BEGIN
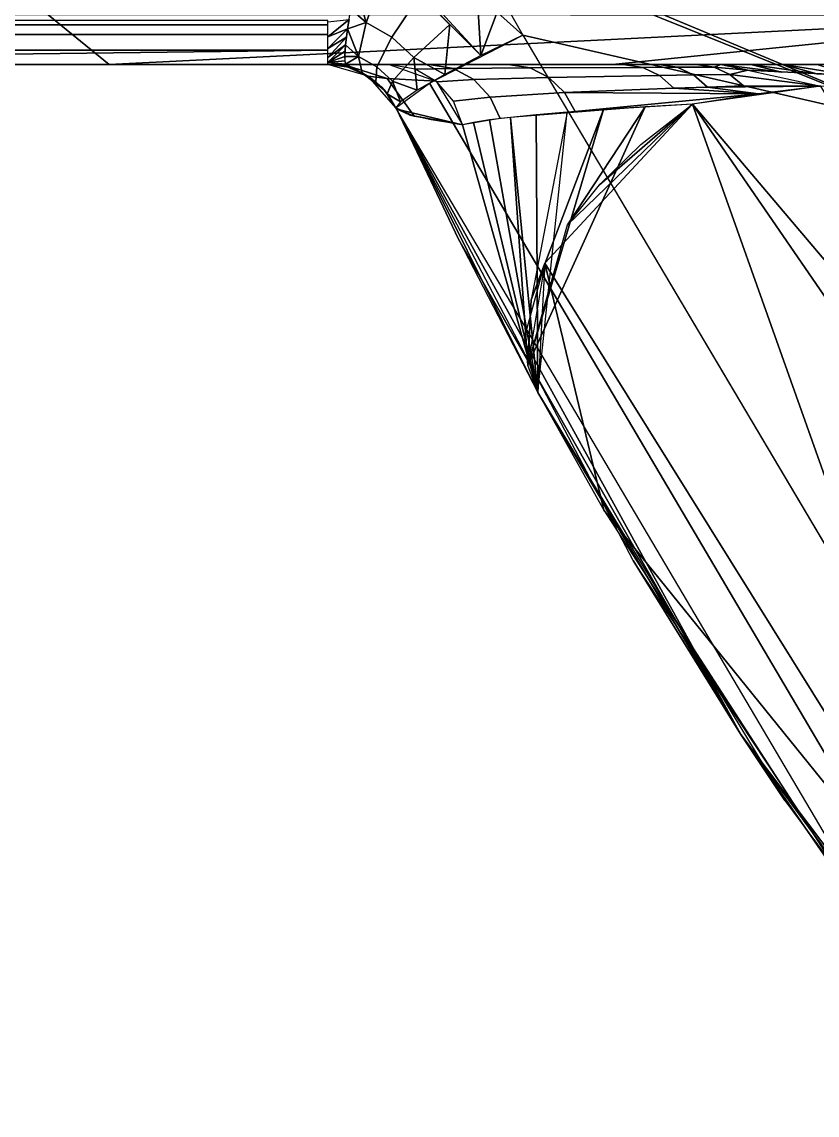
# Model space of a CAD drawing. Extents: x -48 to 59, y -19 to 0.
# Drawn here: x -39.135 to -35.945, y -8.163 to -3.776 of the extents above; entities that cross this region are included whole.
import ezdxf

# ---------------------------------------------------------------- set-up
doc = ezdxf.new("R2010")
doc.units = 0
doc.header["$MEASUREMENT"] = 0
doc.layers.add('IGES LEVEL 0', color=7, linetype='CONTINUOUS')

msp = doc.modelspace()

# ---------------------------------------------------------------- linework, layer by layer
at = {"layer": 'IGES LEVEL 0'}
for points in [[(-37.7142, -3.2658, 0), (-37.7142, -3.2658, 0), (-35.4442, -4.2149, -0.4111), (-37.0627, 0.0531, -0.1203)], [(-36.8859, 0.0531, -0.1227), (-36.8859, 0.0531, -0.1227), (-34.8742, -4.0583, 0.0738), (-34.3198, -5.0136, -0.0258)], [(-36.8859, 0.0531, -0.1227), (-36.8859, 0.0531, -0.1227), (-35.3659, -3.0728, 0.1632), (-34.8742, -4.0583, 0.0738)], [(-36.8859, 0.0531, -0.1227), (-36.8859, 0.0531, -0.1227), (-35.4442, -4.2149, -0.4111), (-35.9489, -3.1918, -0.3217)], [(-36.8859, 0.0531, -0.1227), (-36.8859, 0.0531, -0.1227), (-34.8736, -5.2071, -0.5108), (-35.4442, -4.2149, -0.4111)], [(-34.8736, -5.2071, -0.5108), (-34.8736, -5.2071, -0.5108), (-36.8859, 0.0531, -0.1227), (-34.3198, -5.0136, -0.0258)], [(-35.4442, -4.2149, -0.4111), (-35.4442, -4.2149, -0.4111), (-37.7142, -3.2658, 0), (-37.7184, -3.2986, 0.0008)], [(-35.4442, -4.2149, -0.4111), (-35.4442, -4.2149, -0.4111), (-37.7184, -3.2986, 0.0008), (-37.1253, -3.829, -0.1088)], [(-37.7484, -3.417, 0.0175), (-37.7484, -3.417, 0.0175), (-37.3151, -3.5522, -0.0739), (-37.2935, -3.9113, -0.05)], [(-37.2935, -3.9113, -0.05), (-37.2935, -3.9113, -0.05), (-37.5379, -3.6679, 0.0118), (-37.7484, -3.417, 0.0175)], [(-37.2935, -3.9113, -0.05), (-37.2935, -3.9113, -0.05), (-37.3151, -3.5522, -0.0739), (-37.2087, -3.6824, -0.0935)], [(-37.7973, -3.6331, 0.1099), (-37.7973, -3.6331, 0.1099), (-37.6796, -3.5799, 0.0401), (-37.7535, -3.7784, 0.1929)], [(-37.6796, -3.5799, 0.0401), (-37.5379, -3.6679, 0.0118), (-37.6507, -3.837, 0.1658), (-37.7535, -3.7784, 0.1929)], [(-37.7535, -3.7784, 0.1929), (-37.7535, -3.7784, 0.1929), (-37.8152, -3.725, 0.1812), (-37.7973, -3.6331, 0.1099)], [(-37.5379, -3.6679, 0.0118), (-37.4185, -3.7865, -0.0118), (-37.5631, -3.919, 0.1431), (-37.6507, -3.837, 0.1658)], [(-37.2935, -3.9113, -0.05), (-37.2935, -3.9113, -0.05), (-37.4185, -3.7865, -0.0118), (-37.5379, -3.6679, 0.0118)], [(-37.2935, -3.9113, -0.05), (-37.2935, -3.9113, -0.05), (-37.2087, -3.6824, -0.0935), (-37.1253, -3.829, -0.1088)], [(-37.7535, -3.7784, 0.1929), (-37.7535, -3.7784, 0.1929), (-37.8284, -3.8038, 0.267), (-37.8152, -3.725, 0.1812)], [(-37.9074, -3.7705, 0.2353), (-47.1466, -3.7705, 0.2353), (-47.1466, -3.788, 0.2559), (-37.9074, -3.788, 0.2559)], [(-39.0299, -3.7479, 21.3215), (-40.9422, -3.7479, 20.0324), (-40.6416, -3.9469, 19.6469), (-38.7853, -3.9469, 20.8981)], [(-34.8394, -3.7503, 23.0304), (-34.8394, -3.7503, 23.0304), (-39.0299, -3.7479, 21.3215), (-38.7853, -3.9469, 20.8981)], [(-34.8394, -3.7503, 23.0304), (-34.8394, -3.7503, 23.0304), (-38.7853, -3.9469, 20.8981), (-36.7662, -3.9469, 21.8845)], [(-37.8224, -3.7661, 0.2224), (-37.8224, -3.7661, 0.2224), (-37.9074, -3.8358, 0.3216), (-37.9074, -3.776, 0.2416)], [(-37.9074, -3.8358, 0.3216), (-37.9074, -3.8358, 0.3216), (-37.8224, -3.7661, 0.2224), (-37.8284, -3.8038, 0.267)], [(-36.7662, -3.9469, 21.8845), (-36.7662, -3.9469, 21.8845), (-34.718, -3.9469, 22.5593), (-34.8394, -3.7503, 23.0304)], [(-37.9074, -3.788, 0.2559), (-47.1466, -3.788, 0.2559), (-47.1466, -3.8275, 0.309), (-37.9074, -3.8275, 0.309)], [(-37.8284, -3.8038, 0.267), (-37.8284, -3.8038, 0.267), (-37.9074, -3.8837, 0.4092), (-37.9074, -3.8358, 0.3216)], [(-37.9074, -3.8837, 0.4092), (-37.9074, -3.8837, 0.4092), (-37.8284, -3.8038, 0.267), (-37.8332, -3.8379, 0.3146)], [(-37.7848, -3.9158, 0.4052), (-37.7848, -3.9158, 0.4052), (-37.8366, -3.868, 0.3647), (-37.8284, -3.8038, 0.267)], [(-37.8284, -3.8038, 0.267), (-37.8284, -3.8038, 0.267), (-37.7535, -3.7784, 0.1929), (-37.7848, -3.9158, 0.4052)], [(-37.7535, -3.7784, 0.1929), (-37.6507, -3.837, 0.1658), (-37.7117, -3.9564, 0.3755), (-37.7848, -3.9158, 0.4052)], [(-37.4384, -3.9871, 0.0582), (-37.4384, -3.9871, 0.0582), (-37.5631, -3.919, 0.1431), (-37.4185, -3.7865, -0.0118)], [(-37.4185, -3.7865, -0.0118), (-37.4185, -3.7865, -0.0118), (-37.2935, -3.9113, -0.05), (-37.4384, -3.9871, 0.0582)], [(-37.9074, -3.8275, 0.309), (-47.1466, -3.8275, 0.309), (-47.1466, -3.8892, 0.4216), (-37.9074, -3.8892, 0.4216)], [(-37.8332, -3.8379, 0.3146), (-37.8332, -3.8379, 0.3146), (-37.9074, -3.9186, 0.5028), (-37.9074, -3.8837, 0.4092)], [(-37.9074, -3.9186, 0.5028), (-37.9074, -3.9186, 0.5028), (-37.8332, -3.8379, 0.3146), (-37.8366, -3.868, 0.3647)], [(-37.6507, -3.837, 0.1658), (-37.5631, -3.919, 0.1431), (-37.649, -4.014, 0.3506), (-37.7117, -3.9564, 0.3755)], [(-35.4519, -7.4958, -0.2334), (-37.5004, -4.0217, 0.1308), (-37.1253, -3.829, -0.1088), (-35.1176, -7.219, -0.4684)], [(-35.4442, -4.2149, -0.4111), (-35.4442, -4.2149, -0.4111), (-37.1253, -3.829, -0.1088), (-35.1156, -7.2217, -0.4687)], [(-42.527, -3.9469, 0.7), (-42.527, -3.9469, 0.7), (-37.9074, -3.8892, 0.4216), (-47.1466, -3.8892, 0.4216)], [(-37.9074, -3.8892, 0.4216), (-37.9074, -3.8892, 0.4216), (-42.527, -3.9469, 0.7), (-37.9074, -3.9469, 0.7)], [(-37.8366, -3.868, 0.3647), (-37.8366, -3.868, 0.3647), (-37.9074, -3.9398, 0.6004), (-37.9074, -3.9186, 0.5028)], [(-37.9074, -3.9398, 0.6004), (-37.9074, -3.9398, 0.6004), (-37.8366, -3.868, 0.3647), (-37.8388, -3.8939, 0.4172)], [(-37.9074, -3.9398, 0.6004), (-37.9074, -3.9398, 0.6004), (-37.8388, -3.8939, 0.4172), (-37.8396, -3.9155, 0.4719)], [(-37.7848, -3.9158, 0.4052), (-37.7848, -3.9158, 0.4052), (-37.8396, -3.9155, 0.4719), (-37.8366, -3.868, 0.3647)], [(-36.332, -3.9469, 12.8915), (-36.332, -3.9469, 12.8915), (-46.4845, -3.9469, 10.4138), (-44.9286, -3.9469, 14.5736)], [(-46.4845, -3.9469, 10.4138), (-46.4845, -3.9469, 10.4138), (-36.332, -3.9469, 12.8915), (-42.3642, -3.9469, 9.15)], [(-44.9286, -3.9469, 14.5736), (-44.9286, -3.9469, 14.5736), (-35.1423, -3.9469, 15.8848), (-36.332, -3.9469, 12.8915)], [(-35.1423, -3.9469, 15.8848), (-35.1423, -3.9469, 15.8848), (-44.9286, -3.9469, 14.5736), (-42.319, -3.9469, 18.1396)], [(-37.9074, -3.9469, 0.7556), (-37.9074, -3.9469, 0.7556), (-37.9074, -3.9469, 0.7), (-42.527, -3.9469, 0.7)], [(-42.527, -3.9469, 0.7), (-42.527, -3.9469, 0.7), (-42.3642, -3.9469, 2.85), (-37.9074, -3.9469, 0.7556)], [(-42.3642, -3.9469, 2.85), (-42.3642, -3.9469, 2.85), (-37.8628, -3.9469, 3.7718), (-37.9074, -3.9469, 0.7556)], [(-42.3642, -3.9469, 9.15), (-42.3642, -3.9469, 9.15), (-36.332, -3.9469, 12.8915), (-37.6621, -3.9469, 7.8285)], [(-37.6621, -3.9469, 7.8285), (-37.6621, -3.9469, 7.8285), (-39.2142, -3.9469, 6), (-42.3642, -3.9469, 9.15)], [(-37.8628, -3.9469, 3.7718), (-37.8628, -3.9469, 3.7718), (-42.3642, -3.9469, 2.85), (-39.2142, -3.9469, 6)], [(-35.1423, -3.9469, 15.8848), (-35.1423, -3.9469, 15.8848), (-42.319, -3.9469, 18.1396), (-38.8311, -3.9469, 20.8715)], [(-39.2142, -3.9469, 6), (-39.2142, -3.9469, 6), (-37.6621, -3.9469, 7.8285), (-37.8628, -3.9469, 3.7718)], [(-38.8311, -3.9469, 20.8715), (-38.8311, -3.9469, 20.8715), (-33.4863, -3.9469, 18.6495), (-35.1423, -3.9469, 15.8848)], [(-38.8311, -3.9469, 20.8715), (-38.8311, -3.9469, 20.8715), (-32.2827, -3.9469, 20.1049), (-33.4863, -3.9469, 18.6495)], [(-38.8311, -3.9469, 20.8715), (-38.8311, -3.9469, 20.8715), (-32.2254, -3.9469, 20.1641), (-32.2827, -3.9469, 20.1049)], [(-32.2254, -3.9469, 20.1641), (-32.2254, -3.9469, 20.1641), (-38.8311, -3.9469, 20.8715), (-34.718, -3.9469, 22.5593)], [(-37.9074, -3.9398, 0.6004), (-37.9074, -3.9398, 0.6004), (-37.8396, -3.9155, 0.4719), (-37.8392, -3.9328, 0.528)], [(-37.9074, -3.9398, 0.6004), (-37.9074, -3.9398, 0.6004), (-37.8392, -3.9328, 0.528), (-37.8374, -3.9455, 0.5852)], [(-37.8374, -3.9455, 0.5852), (-37.8374, -3.9455, 0.5852), (-37.9074, -3.9469, 0.7), (-37.9074, -3.9398, 0.6004)], [(-37.9074, -3.9469, 0.7), (-37.9074, -3.9469, 0.7), (-37.8374, -3.9455, 0.5852), (-37.8346, -3.9531, 0.6386)], [(-37.8346, -3.9531, 0.6386), (-37.8346, -3.9531, 0.6386), (-37.8301, -3.9571, 0.7), (-37.9074, -3.9469, 0.7)], [(-37.9074, -3.9469, 0.7556), (-37.9074, -3.9469, 0.7556), (-37.9074, -3.9469, 0.7), (-37.8301, -3.9571, 0.7)], [(-37.8301, -3.9571, 0.7), (-37.8301, -3.9571, 0.7), (-37.8231, -3.959, 0.7556), (-37.9074, -3.9469, 0.7556)], [(-37.9074, -3.9469, 0.7556), (-37.8452, -3.9469, 4.3161), (-37.6694, -4.0039, 4.31), (-37.7465, -3.9938, 0.7556)], [(-37.8452, -3.9469, 4.3161), (-37.6621, -3.9469, 7.8285), (-37.4727, -4.0146, 7.8154), (-37.6694, -4.0039, 4.31)], [(-37.7848, -3.9158, 0.4052), (-37.7848, -3.9158, 0.4052), (-37.8374, -3.9455, 0.5852), (-37.8396, -3.9155, 0.4719)], [(-37.8374, -3.9455, 0.5852), (-37.8374, -3.9455, 0.5852), (-37.7848, -3.9158, 0.4052), (-37.7701, -3.9802, 0.6628)], [(-37.7701, -3.9802, 0.6628), (-37.7701, -3.9802, 0.6628), (-37.8301, -3.9571, 0.7), (-37.8374, -3.9455, 0.5852)], [(-37.7848, -3.9158, 0.4052), (-37.7117, -3.9564, 0.3755), (-37.7152, -4.0167, 0.6289), (-37.7701, -3.9802, 0.6628)], [(-37.4039, -3.9636, 9.2031), (-37.5577, -3.9658, 7.8213), (-37.6621, -3.9469, 7.8285), (-37.5012, -3.9469, 9.219)], [(-37.5489, -4.0505, 0.2075), (-37.5489, -4.0505, 0.2075), (-37.649, -4.014, 0.3506), (-37.5631, -3.919, 0.1431)], [(-37.5631, -3.919, 0.1431), (-37.5631, -3.919, 0.1431), (-37.4384, -3.9871, 0.0582), (-37.5489, -4.0505, 0.2075)], [(-37.0962, -3.9613, 10.6366), (-37.4039, -3.9636, 9.2031), (-37.5012, -3.9469, 9.219), (-37.1844, -3.9469, 10.6611)], [(-36.6445, -3.959, 11.9914), (-37.0962, -3.9613, 10.6366), (-37.1844, -3.9469, 10.6611), (-36.7226, -3.9469, 12.0229)], [(-36.5064, -3.9585, 12.3241), (-36.6445, -3.959, 11.9914), (-36.7226, -3.9469, 12.0229), (-36.5818, -3.9469, 12.3572)], [(-36.358, -3.9579, 12.654), (-36.5064, -3.9585, 12.3241), (-36.5818, -3.9469, 12.3572), (-36.4306, -3.9469, 12.6884)], [(-36.358, -3.9579, 12.654), (-36.358, -3.9579, 12.654), (-36.4306, -3.9469, 12.6884), (-36.332, -3.9469, 12.8915)], [(-36.358, -3.9579, 12.654), (-36.358, -3.9579, 12.654), (-36.332, -3.9469, 12.8915), (-36.2236, -3.9704, 12.8485)], [(-36.332, -3.9469, 12.8915), (-36.332, -3.9469, 12.8915), (-36.0882, -3.9776, 13.2254), (-36.2236, -3.9704, 12.8485)], [(-36.0882, -3.9776, 13.2254), (-36.0882, -3.9776, 13.2254), (-36.332, -3.9469, 12.8915), (-36.211, -3.9469, 13.2765)], [(-36.211, -3.9469, 13.2765), (-36.211, -3.9469, 13.2765), (-35.9461, -3.985, 13.5995), (-36.0882, -3.9776, 13.2254)], [(-35.9461, -3.985, 13.5995), (-35.9461, -3.985, 13.5995), (-36.211, -3.9469, 13.2765), (-36.0818, -3.9469, 13.6586)], [(-36.0818, -3.9469, 13.6586), (-36.0818, -3.9469, 13.6586), (-35.7974, -3.9925, 13.9708), (-35.9461, -3.985, 13.5995)], [(-35.7974, -3.9925, 13.9708), (-35.7974, -3.9925, 13.9708), (-36.0818, -3.9469, 13.6586), (-35.9446, -3.9469, 14.0377)], [(-37.7456, -3.9943, 0.7556), (-37.7456, -3.9943, 0.7556), (-37.8301, -3.9571, 0.7), (-37.7721, -3.9792, 0.6641)], [(-37.8301, -3.9571, 0.7), (-37.8301, -3.9571, 0.7), (-37.7456, -3.9943, 0.7556), (-37.8231, -3.959, 0.7556)], [(-37.6811, -4.05, 0.7556), (-37.6811, -4.05, 0.7556), (-37.7721, -3.9792, 0.6641), (-37.7299, -4.0051, 0.638)], [(-37.7721, -3.9792, 0.6641), (-37.7721, -3.9792, 0.6641), (-37.6811, -4.05, 0.7556), (-37.7456, -3.9943, 0.7556)], [(-37.7117, -3.9564, 0.3755), (-37.649, -4.014, 0.3506), (-37.6692, -4.0646, 0.6007), (-37.7152, -4.0167, 0.6289)], [(-37.3221, -4.0081, 9.1897), (-37.4707, -4.0163, 7.8153), (-37.5577, -3.9658, 7.8213), (-37.4039, -3.9636, 9.2031)], [(-37.0213, -3.9993, 10.6158), (-37.3221, -4.0081, 9.1897), (-37.4039, -3.9636, 9.2031), (-37.0962, -3.9613, 10.6366)], [(-36.5776, -3.9909, 11.9643), (-37.0213, -3.9993, 10.6158), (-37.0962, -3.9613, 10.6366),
END
→ **TASK PROMPT**: Repeat the lines exactly as they stand, from the opening line of the data through the line with "msp = doc.modelspace()". Pictures stay out of the copy.

→ **ANSWER FOR THIS EXERCISE**:
# Model space of a CAD drawing. Extents: x -48 to 59, y -19 to 0.
# Drawn here: x -39.135 to -35.945, y -8.163 to -3.776 of the extents above; entities that cross this region are included whole.
import ezdxf

# ---------------------------------------------------------------- set-up
doc = ezdxf.new("R2010")
doc.units = 0
doc.header["$MEASUREMENT"] = 0
doc.layers.add('IGES LEVEL 0', color=7, linetype='CONTINUOUS')

msp = doc.modelspace()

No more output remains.